Academic journal article Journal of Social Structure

Structural Balance and Signed International Relations

Academic journal article Journal of Social Structure

Structural Balance and Signed International Relations

Article excerpt

1. Introduction

A considerable effort (see below) has gone into the study of international relations between nations as sovereign entities.1 This work has included the use of structural balance theory for signed social relations in the version based on the work of Heider (1946) and its formalization by Cartwright and Harary (1956). Within the structural balance approach there are several prominent concerns. Given a definition of a balanced network (defined below), one is whether an empirical signed network is balanced or not. A second concern, for imbalanced networks, is to measure the extent to which they depart from being balanced. A third concern is to understand the dynamics of movement towards (or away from) balance with the presumption that signed networks move towards a balanced state.2 Using balance theory to study international relations was a natural application. Here, we consider these three concerns but use temporal global signed networks rather than partial networks for local regions for a particular point in time. This permits a more extensive study of the dynamics of structural balance and sheds considerable light on the dynamics of international signed relations.

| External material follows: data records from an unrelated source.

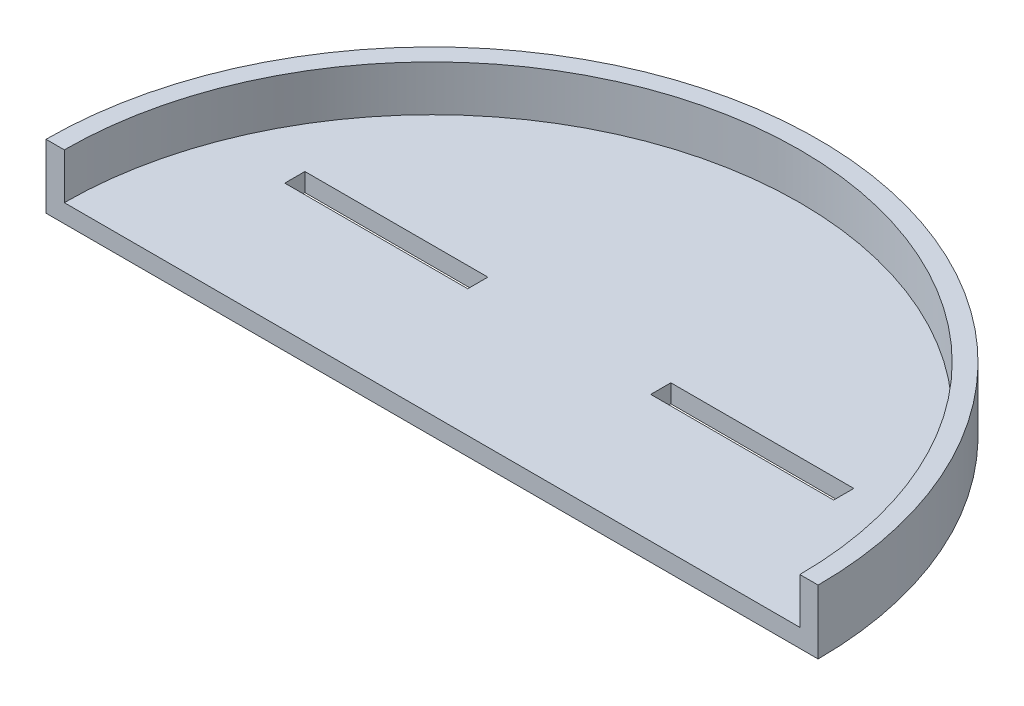
SolidWorks part; units mm, degrees
ref_plane "Front Plane" through (0, 0, 0) normal (0, 0, 1) x (1, 0, 0)
ref_plane "Top Plane" through (0, 0, 0) normal (0, 1, 0) x (1, 0, 0)
ref_plane "Right Plane" through (0, 0, 0) normal (1, 0, 0) x (0, 0, -1)
sketch "Sketch1" plane through (0, 0, 0) normal (0, 1, 0) x (1, 0, 0)
  line L0 (-1.483, 0) -> (-50001.483, 0) construction
  line L1 (0, -2.1496) -> (0, -50002.1496) construction
  circle A0 centre (0, 0) radius 51.054
  circle A1 centre (0, 0) radius 53.594
  dimension "D1" = 102.108
  dimension "D2" = 2.54
extrude "Boss-Extrude2" add sketch "Sketch1" along normal blind 6.35
sketch "Sketch2" plane through (0, 0, 0) normal (0, -1, 0) x (1, 0, 0)
  circle A0 centre (0, 0) radius 53.594
  circle A1 centre (0, 0) radius 53.594 construction
extrude "Boss-Extrude3" add sketch "Sketch2" along normal blind 2.54
sketch "Sketch4" plane through (0, 0, 0) normal (0, 1, 0) x (1, 0, 0)
  line L0 (0, -12.954) -> (0, 51.054) construction
  line L3 (-47.3667, 19.05) -> (47.3667, 19.05) construction
  line L4 (-47.3667, 17.653) -> (47.3667, 17.653)
  line L5 (-47.3667, 20.447) -> (47.3667, 20.447)
  line L6 (38.1, 20.447) -> (38.1, 17.653)
  line L7 (12.7, 20.447) -> (12.7, 17.653)
  line L8 (-12.7, 20.447) -> (-12.7, 17.653)
  line L9 (-38.1, 20.447) -> (-38.1, 17.653)
  circle A0 centre (0, 0) radius 51.054 construction
  circle A1 centre (0, 0) radius 51.054 construction
  point P7 (0, 19.05)
  point P18 (0, 19.05)
  point P25 (12.7, 19.05)
  point P26 (0, 0)
  point P33 (0, 0)
  point P34 (0, 0)
  point P35 (0, 0)
  dimension "D3" = 1.397
  dimension "D5" = 12.7
  dimension "D6" = 25.4
  dimension "D7" = 19.05
  dimension "D4" = 1.397
extrude "Cut-Extrude1" cut sketch "Sketch4" against normal through all contours L5 L9 L4 L8 | L5 L7 L4 L6
sketch "Sketch5" plane through (0, -2.54, 0) normal (0, -1, 0) x (1, 0, 0)
  line L0 (-69.85, 0) -> (69.85, 0)
  circle A1 centre (0, 0) radius 69.85
  circle M2 centre (0, 0) radius 53.594
  dimension "D1" = 139.7
  dimension "D2" = 0
extrude "Cut-Extrude2" cut sketch "Sketch5" against normal through all contours L0 A1 M2 | L0 M2
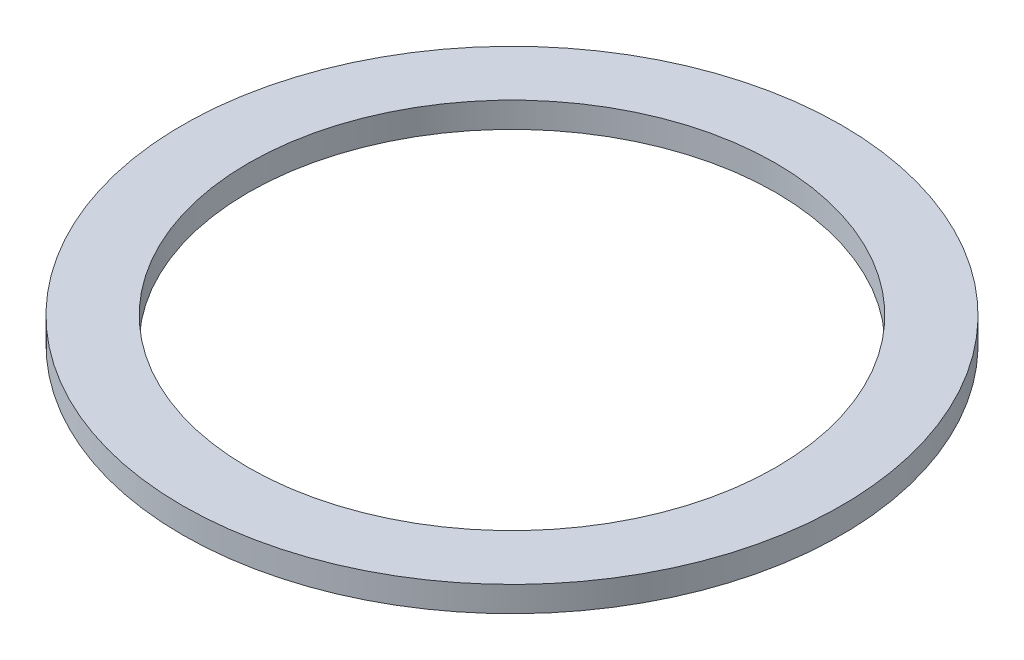
SolidWorks part; units mm, degrees
ref_plane "Front Plane" through (0, 0, 0) normal (0, 0, 1) x (1, 0, 0)
ref_plane "Top Plane" through (0, 0, 0) normal (0, 1, 0) x (1, 0, 0)
ref_plane "Right Plane" through (0, 0, 0) normal (1, 0, 0) x (0, 0, -1)
sketch "Sketch2" plane through (0, 0, 0) normal (0, 1, 0) x (1, 0, 0)
  circle A0 centre (0, 0) radius 39.624
  circle A1 centre (0, 0) radius 49.53
  dimension "D1" = 99.06
  dimension "D2" = 79.248
extrude "Boss-Extrude1" add sketch "Sketch2" along normal blind 3.81 contours A1 A0

Our primary objective was to apply structural balance theory to the signed networks of states from 1946 through 1999 in order to study the evolution of this network as it expanded in size to 64 states to a high of 155 states. In addition to changing size of the network, ties were created, dropped or changed in sign for states already in the network. Section 2 provides an outline of the key balance theoretic ideas informing this study. In Section 3, a variety of broad general theoretical approaches to studying the system of nations are presented. While these theories are seen as rivals to each other, we did not intend to enter the many debates about how nations behave and how the overall system operates. Nor did we see balance theoretic ideas as necessarily antithetical to those endeavors. However, given our results, we were drawn into these substantive debates. Section 4 contains a description of the data we used and the methods we employed. Signed blockmodeling results are reported in Section 5. They reveal the overall structure of the evolving network as it expanded. Section 6 presents measures of imbalance through time along with discussion of them. Overall summaries of our results are given in Section 7. A discussion of their implications for future work concludes our presentation in Section 8.

2. Balance Theoretic Ideas

Although there have been a variety of approaches to studying signed relations among human actors, Heider (1946, 1958) is credited with the first systematic statement of consistency theories (Taylor, 1970). His early statement provided the foundation for the Cartwright and Harary (1956) and Davis (1967) formalizations creating the two structure theorems that became the foundation for a fruitful approach for studying signed networks (Doreian and Mrvar, 1996). They drive the blockmodeling approach for partitioning signed relations described in Section 4.2. Of critical concern in the early work was the extent to which signed structures were balanced or consistent with regard to the pattern of signs. Ways of doing this are described in Section 2.2. The results of some earlier empirical work based on balance theoretic ideas is described in Section 2.3.

2.1 Foundations

The core ideas of Heider (1946) are located in triples of actors, denoted by p, o, and q, as shown in Figure 1. A triple consists of the ties p ^ o, o ^ q and p ^ q. These are the eight possible poq-triples where solid lines represent positive ties and dashed lines represent negative ties. The sign of a poq-triple is the product of the signs in the triple. A poq-triple is balanced if its sign is positive and imbalanced if its sign is negative. A complete signed network is balanced if all its triples are balanced. Figure 1 shows the four possible balanced triples in the top row and the four possible imbalanced triples in the bottom row. …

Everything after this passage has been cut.